▸ What is expected: Write out nothing except the lines running from the one containing "#120=FACE_BOUND('',#119,.T.);" to the last line of the data, exactly as they stand.

··········

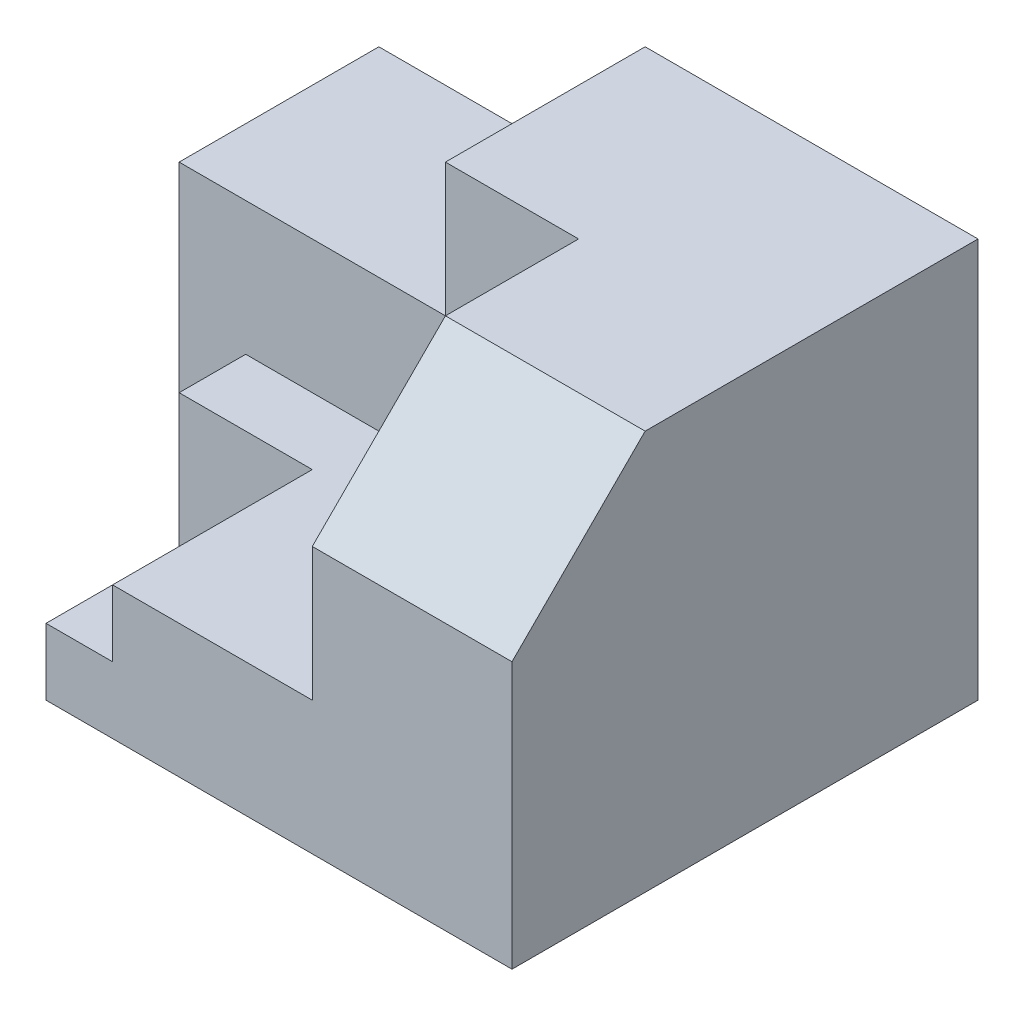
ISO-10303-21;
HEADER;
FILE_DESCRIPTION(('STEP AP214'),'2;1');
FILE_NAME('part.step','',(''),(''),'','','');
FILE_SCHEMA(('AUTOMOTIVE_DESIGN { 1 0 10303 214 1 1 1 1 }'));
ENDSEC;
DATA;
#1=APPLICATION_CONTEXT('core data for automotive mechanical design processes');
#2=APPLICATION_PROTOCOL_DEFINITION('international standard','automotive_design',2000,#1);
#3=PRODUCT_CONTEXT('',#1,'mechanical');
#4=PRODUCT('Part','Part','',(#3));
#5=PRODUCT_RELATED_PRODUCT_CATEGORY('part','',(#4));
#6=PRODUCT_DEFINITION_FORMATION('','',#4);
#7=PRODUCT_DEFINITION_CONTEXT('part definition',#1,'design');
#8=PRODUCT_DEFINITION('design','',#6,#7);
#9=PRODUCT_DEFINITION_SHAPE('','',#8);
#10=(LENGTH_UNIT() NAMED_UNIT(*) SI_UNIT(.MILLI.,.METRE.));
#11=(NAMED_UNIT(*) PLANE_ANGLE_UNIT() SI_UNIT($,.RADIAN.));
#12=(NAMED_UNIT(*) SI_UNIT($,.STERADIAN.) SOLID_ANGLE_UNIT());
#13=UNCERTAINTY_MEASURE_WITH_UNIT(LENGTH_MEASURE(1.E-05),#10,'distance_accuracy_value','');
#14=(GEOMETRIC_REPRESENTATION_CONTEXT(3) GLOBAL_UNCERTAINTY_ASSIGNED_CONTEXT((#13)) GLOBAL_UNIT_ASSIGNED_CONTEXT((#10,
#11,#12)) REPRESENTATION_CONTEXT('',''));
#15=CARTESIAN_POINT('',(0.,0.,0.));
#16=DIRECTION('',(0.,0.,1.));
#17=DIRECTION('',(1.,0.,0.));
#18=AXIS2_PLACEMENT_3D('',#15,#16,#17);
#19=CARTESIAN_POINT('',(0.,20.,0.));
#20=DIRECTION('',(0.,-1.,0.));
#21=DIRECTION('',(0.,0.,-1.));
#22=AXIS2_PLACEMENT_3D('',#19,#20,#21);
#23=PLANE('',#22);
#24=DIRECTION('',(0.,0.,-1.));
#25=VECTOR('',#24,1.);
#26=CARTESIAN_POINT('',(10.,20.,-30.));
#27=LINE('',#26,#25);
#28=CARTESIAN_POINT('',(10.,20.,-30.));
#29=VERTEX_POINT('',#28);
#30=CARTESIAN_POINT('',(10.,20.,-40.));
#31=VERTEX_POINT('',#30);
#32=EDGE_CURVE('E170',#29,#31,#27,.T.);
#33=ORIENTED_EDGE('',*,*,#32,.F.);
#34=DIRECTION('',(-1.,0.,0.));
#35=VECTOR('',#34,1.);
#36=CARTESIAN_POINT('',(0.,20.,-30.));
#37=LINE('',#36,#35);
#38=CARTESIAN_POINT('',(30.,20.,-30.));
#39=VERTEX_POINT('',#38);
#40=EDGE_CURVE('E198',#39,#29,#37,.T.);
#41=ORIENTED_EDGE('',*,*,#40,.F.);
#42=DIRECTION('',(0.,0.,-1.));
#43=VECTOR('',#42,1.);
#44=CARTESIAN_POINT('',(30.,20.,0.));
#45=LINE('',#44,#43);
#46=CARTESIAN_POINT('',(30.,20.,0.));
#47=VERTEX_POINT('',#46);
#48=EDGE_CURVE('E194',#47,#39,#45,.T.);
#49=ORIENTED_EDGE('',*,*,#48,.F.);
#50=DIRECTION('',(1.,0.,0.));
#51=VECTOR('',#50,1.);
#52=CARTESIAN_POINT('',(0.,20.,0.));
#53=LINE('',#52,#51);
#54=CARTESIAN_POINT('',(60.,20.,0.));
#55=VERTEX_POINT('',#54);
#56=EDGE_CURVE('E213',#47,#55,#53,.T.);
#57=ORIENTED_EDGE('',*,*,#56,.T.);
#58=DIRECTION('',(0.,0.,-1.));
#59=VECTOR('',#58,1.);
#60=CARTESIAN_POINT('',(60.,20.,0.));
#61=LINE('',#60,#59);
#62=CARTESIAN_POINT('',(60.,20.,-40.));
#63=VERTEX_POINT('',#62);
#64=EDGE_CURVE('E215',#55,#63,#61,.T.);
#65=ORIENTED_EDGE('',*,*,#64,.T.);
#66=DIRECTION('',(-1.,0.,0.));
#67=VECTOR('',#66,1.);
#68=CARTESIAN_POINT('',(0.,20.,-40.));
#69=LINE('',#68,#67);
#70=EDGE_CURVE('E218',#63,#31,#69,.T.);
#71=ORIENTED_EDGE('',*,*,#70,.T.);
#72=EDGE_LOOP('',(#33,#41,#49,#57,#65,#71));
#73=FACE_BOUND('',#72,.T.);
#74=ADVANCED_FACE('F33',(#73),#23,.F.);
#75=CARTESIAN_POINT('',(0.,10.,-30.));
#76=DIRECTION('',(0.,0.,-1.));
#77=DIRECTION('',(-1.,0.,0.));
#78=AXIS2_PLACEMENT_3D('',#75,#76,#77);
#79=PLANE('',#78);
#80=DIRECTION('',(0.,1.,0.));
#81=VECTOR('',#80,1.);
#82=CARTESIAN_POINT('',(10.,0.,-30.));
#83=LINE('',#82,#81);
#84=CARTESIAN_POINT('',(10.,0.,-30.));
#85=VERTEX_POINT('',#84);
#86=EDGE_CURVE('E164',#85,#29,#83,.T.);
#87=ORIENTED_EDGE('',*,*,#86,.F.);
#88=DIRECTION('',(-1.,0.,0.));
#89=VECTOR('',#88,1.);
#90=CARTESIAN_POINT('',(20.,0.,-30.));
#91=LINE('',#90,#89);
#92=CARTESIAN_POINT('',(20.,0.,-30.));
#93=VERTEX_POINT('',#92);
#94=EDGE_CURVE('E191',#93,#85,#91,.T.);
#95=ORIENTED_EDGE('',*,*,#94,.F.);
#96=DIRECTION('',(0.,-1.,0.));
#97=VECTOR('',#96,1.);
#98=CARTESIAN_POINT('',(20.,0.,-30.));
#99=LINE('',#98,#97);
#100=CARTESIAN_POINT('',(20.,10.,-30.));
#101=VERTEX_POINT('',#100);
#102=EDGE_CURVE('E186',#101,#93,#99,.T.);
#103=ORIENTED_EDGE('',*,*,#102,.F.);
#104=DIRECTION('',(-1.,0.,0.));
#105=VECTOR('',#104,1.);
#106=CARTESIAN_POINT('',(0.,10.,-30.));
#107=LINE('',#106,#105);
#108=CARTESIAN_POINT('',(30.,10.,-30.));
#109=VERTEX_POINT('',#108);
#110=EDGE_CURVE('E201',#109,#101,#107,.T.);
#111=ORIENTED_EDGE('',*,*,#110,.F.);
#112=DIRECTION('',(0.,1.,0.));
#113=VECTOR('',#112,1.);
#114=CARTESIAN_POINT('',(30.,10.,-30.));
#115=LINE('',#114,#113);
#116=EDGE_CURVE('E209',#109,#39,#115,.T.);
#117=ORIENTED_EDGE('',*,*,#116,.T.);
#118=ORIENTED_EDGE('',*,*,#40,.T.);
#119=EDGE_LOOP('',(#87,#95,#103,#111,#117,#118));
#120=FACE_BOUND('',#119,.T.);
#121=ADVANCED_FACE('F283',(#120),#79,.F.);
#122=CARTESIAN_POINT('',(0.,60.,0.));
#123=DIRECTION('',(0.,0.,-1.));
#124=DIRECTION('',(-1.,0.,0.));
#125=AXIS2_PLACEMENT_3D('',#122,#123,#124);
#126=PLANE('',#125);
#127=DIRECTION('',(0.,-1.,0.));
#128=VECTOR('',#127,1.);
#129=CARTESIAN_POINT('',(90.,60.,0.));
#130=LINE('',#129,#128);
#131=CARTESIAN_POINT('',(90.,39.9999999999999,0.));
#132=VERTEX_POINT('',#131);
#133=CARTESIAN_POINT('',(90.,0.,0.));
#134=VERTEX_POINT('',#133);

··········

▸ Exercise output:
#120=FACE_BOUND('',#119,.T.);
#121=ADVANCED_FACE('F283',(#120),#79,.F.);
#122=CARTESIAN_POINT('',(0.,60.,0.));
#123=DIRECTION('',(0.,0.,-1.));
#124=DIRECTION('',(-1.,0.,0.));
#125=AXIS2_PLACEMENT_3D('',#122,#123,#124);
#126=PLANE('',#125);
#127=DIRECTION('',(0.,-1.,0.));
#128=VECTOR('',#127,1.);
#129=CARTESIAN_POINT('',(90.,60.,0.));
#130=LINE('',#129,#128);
#131=CARTESIAN_POINT('',(90.,39.9999999999999,0.));
#132=VERTEX_POINT('',#131);
#133=CARTESIAN_POINT('',(90.,0.,0.));
#134=VERTEX_POINT('',#133);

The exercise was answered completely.